That way, no-one would have been made to feel accused, or at least suspected, and all these bad feelings could have been prevented. For even with the solutions now being worked out, I still feel saddened and - on their behalf - offended at the allegations cast on our dedicated and highly appreciated rescuers.


----------



## Jiskefet (May 15, 2011)

gorgeous said:


> I think we should not be slating the mods as they wre only doing their best in a very difficult situation. Someone posing as a rescue to sell on pets for a profit is not only immoral but also misleading and could even be a case the police need to be notified of.
> 
> It would be a shame for smaller rescues to not be able to use this forum as a support for their good work. Some suggestions have already been put forward to enable this to continue without any further misleading people posing as rescues.
> 
> ...


I am not slating anyone, but I do feel things could - and should - have been handled in a more circumspect manner and with more respect towards the many dedicated people who are the life blood of this forum.

Just my two cents.....


----------



## grumpy goby (Jan 18, 2012)

How do rescue forums like dogpages do it?


----------



## JANICE199 (Feb 1, 2008)

Jiskefet said:


> Moreover, most small rescues have already been thoroughly checked out by fellow members who either assist them in rescue operations or have adopted their rescue cats. Some have even done both.
> 
> To me, it is these dedicated animal lovers who always rally together to help an animal in need that are the very essence of what PF means to me. And it hurt me very deeply to see them made out to be possible frauds, who were not allowed to post for help or to express gratitude, simply because of one alleged fake rescuer.
> For as things stand, we cannot even be informed of the identity of the fraudster, because the mods aren't absolutely certain of the truth of this accusation even yet.
> ...


*I don't think anyone who is genuine should be feeling guilty. And i don't believe for one moment that was the intention.
There's been a lot said and people have speculated. But the bottom line is, this is now in Marks hands.
It's not like it won't get sorted. *


----------



## Jiskefet (May 15, 2011)

JANICE199 said:


> *I don't think anyone who is genuine should be feeling guilty. And i don't believe for one moment that was the intention.
> There's been a lot said and people have speculated. But the bottom line is, this is now in Marks hands.
> It's not like it won't get sorted. *


It may not have been the intention, but it was the general feeling that was generated by the blanket ban, which was not being put forward as a temporary measure pending investigation, but as a final decision.
That is what ruffled everyone's feathers and caused all the bad feeling.

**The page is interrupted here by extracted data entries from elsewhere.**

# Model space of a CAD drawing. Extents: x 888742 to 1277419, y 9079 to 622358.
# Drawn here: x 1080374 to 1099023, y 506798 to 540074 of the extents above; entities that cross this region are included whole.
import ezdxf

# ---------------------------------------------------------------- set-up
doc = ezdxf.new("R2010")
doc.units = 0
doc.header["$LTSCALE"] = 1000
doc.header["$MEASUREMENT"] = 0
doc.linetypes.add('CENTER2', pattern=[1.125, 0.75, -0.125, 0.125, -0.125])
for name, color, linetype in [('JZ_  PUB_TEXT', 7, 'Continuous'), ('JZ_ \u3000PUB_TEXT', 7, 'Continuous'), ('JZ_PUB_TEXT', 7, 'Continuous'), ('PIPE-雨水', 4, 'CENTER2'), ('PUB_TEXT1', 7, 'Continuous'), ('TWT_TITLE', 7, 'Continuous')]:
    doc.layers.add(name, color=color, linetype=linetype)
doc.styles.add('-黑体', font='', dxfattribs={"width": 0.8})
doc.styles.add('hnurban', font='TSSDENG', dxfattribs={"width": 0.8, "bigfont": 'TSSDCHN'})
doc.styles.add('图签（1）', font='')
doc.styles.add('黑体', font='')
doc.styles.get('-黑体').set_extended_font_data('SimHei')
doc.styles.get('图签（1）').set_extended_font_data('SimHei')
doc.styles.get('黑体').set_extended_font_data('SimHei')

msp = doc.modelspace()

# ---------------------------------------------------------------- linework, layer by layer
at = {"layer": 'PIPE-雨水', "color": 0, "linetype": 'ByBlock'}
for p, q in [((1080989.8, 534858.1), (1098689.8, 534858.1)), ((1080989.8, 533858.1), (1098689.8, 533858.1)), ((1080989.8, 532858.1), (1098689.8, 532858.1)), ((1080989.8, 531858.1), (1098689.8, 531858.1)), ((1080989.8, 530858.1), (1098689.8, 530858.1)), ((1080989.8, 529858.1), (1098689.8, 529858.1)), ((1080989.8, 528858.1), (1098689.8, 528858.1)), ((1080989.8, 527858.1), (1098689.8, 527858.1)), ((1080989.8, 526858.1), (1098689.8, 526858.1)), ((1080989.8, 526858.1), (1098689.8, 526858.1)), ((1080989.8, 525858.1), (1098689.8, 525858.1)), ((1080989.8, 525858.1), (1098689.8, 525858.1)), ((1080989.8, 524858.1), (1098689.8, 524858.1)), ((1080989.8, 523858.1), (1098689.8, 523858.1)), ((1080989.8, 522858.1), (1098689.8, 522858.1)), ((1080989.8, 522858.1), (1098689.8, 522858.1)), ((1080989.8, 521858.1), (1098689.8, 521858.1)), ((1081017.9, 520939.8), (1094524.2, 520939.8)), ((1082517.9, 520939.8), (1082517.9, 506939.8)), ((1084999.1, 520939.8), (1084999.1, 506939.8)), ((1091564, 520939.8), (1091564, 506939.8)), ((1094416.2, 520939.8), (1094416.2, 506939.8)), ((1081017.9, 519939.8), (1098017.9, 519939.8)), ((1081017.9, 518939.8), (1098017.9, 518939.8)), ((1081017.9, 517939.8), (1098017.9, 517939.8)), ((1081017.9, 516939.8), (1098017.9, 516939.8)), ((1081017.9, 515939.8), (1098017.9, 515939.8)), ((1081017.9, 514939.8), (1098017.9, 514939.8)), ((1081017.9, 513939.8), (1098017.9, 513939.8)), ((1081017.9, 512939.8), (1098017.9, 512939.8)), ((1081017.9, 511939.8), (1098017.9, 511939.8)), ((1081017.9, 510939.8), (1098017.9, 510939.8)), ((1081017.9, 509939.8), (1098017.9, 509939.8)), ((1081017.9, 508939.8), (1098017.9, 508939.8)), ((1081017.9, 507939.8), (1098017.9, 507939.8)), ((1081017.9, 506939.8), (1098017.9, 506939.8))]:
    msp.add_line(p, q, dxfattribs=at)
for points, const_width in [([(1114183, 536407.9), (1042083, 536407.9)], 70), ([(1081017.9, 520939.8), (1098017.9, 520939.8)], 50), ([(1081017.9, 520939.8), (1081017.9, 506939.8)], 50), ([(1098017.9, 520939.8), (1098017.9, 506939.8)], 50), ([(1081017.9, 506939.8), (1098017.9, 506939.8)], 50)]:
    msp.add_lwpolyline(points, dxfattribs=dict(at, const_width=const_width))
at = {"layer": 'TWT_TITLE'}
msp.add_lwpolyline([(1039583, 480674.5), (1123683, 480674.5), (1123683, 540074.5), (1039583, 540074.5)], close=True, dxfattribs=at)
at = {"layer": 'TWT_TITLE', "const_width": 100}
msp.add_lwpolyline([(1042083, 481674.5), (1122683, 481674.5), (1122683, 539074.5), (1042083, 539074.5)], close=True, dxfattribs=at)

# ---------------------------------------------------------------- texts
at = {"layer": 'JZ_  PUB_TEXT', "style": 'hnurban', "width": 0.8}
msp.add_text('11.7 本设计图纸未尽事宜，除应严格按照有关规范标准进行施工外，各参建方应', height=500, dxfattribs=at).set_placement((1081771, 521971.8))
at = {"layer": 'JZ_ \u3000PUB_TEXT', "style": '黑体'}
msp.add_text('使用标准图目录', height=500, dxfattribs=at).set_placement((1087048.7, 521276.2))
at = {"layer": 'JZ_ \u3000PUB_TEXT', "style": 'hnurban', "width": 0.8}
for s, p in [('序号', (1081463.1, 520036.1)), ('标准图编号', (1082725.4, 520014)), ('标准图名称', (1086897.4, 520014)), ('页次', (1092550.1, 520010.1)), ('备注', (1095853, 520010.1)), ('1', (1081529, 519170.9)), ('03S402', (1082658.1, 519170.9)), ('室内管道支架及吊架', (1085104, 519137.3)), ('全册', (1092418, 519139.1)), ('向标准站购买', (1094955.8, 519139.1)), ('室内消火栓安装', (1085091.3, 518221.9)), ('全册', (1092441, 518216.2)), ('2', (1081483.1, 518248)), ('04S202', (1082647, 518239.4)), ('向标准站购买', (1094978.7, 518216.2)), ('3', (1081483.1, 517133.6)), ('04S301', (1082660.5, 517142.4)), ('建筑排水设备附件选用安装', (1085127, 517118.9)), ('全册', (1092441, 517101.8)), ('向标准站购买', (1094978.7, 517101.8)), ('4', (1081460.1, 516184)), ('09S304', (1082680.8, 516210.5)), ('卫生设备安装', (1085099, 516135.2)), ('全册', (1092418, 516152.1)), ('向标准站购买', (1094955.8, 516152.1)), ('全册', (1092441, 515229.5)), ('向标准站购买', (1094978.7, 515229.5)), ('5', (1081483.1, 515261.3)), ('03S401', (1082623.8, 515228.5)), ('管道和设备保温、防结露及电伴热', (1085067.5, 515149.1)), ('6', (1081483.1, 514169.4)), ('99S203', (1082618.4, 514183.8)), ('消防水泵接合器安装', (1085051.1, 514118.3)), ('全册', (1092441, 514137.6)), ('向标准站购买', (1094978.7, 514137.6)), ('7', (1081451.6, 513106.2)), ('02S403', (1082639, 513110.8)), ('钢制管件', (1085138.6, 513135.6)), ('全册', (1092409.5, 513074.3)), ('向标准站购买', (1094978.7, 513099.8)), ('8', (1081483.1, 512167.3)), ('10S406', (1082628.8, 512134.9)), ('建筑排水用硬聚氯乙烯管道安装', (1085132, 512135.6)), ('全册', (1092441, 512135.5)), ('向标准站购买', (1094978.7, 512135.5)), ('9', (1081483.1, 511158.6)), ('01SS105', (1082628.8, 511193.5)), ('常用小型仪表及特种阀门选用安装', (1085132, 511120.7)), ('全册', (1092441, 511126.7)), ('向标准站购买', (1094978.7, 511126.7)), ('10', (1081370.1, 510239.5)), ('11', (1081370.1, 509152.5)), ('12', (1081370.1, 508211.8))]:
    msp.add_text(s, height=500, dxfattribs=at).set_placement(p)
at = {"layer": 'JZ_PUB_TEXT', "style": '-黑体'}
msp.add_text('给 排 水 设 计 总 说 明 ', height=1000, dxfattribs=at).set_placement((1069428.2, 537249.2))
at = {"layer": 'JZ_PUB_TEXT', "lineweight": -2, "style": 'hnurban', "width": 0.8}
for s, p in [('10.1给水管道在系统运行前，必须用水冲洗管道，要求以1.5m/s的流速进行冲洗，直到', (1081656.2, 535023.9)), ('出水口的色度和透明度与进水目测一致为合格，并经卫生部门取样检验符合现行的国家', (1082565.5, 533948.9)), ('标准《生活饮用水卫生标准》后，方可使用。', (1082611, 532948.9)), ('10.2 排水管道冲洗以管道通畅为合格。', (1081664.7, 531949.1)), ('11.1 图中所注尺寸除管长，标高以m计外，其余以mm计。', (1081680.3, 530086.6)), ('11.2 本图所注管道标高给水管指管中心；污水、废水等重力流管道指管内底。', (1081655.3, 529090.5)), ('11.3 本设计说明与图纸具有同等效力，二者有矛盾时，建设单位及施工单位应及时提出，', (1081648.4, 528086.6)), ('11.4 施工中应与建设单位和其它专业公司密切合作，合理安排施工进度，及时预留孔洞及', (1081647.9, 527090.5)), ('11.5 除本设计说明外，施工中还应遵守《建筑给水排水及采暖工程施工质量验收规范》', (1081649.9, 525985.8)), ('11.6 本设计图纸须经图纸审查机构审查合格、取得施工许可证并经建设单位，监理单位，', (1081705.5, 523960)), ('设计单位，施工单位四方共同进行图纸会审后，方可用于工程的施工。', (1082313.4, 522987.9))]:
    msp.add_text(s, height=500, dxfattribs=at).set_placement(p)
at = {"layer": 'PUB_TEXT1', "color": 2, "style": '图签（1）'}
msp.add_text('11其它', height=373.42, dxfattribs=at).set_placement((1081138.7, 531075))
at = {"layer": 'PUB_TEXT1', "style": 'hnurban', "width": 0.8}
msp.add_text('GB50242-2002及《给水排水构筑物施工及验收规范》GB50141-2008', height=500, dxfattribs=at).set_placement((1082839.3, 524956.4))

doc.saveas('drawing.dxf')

I know it is very easy, in hindsight, to point out someone's failure to assess the effect of their decisions, but I think it should be taken into account when the mods assess their course of action in future, should anything like this accusation ever crop up again.


----------



## tashi (Dec 5, 2007)

Ok, so I could have banned the person that was suspect ! BUT when I lifted that do you really think that would have been fair to single that rescue out, point the finger, lay blame and then when the rescue was found innocent it would have been very unfair on them I feel ! I tried to do what was best for the rescue concerned, I tried not to put a black mark on anyone of the rescues, I acted in a way that I felt best for ALL rescues involved and didn't even single it out to cats !


----------



## we love bsh's (Mar 28, 2011)

More confused than ever now.


----------



## JANICE199 (Feb 1, 2008)

Jiskefet said:


> It may not have been the intention, but it was the general feeling that was generated by the blanket ban, which was not being put forward as a temporary measure pending investigation, but as a final decision.
> That is what ruffled everyone's feathers and caused all the bad feeling.
> 
> I know it is very easy, in hindsight, to point out someone's failure to assess the effect of their decisions, but I think it should be taken into account when the mods assess their course of action in future, should anything like this accusation ever crop up again.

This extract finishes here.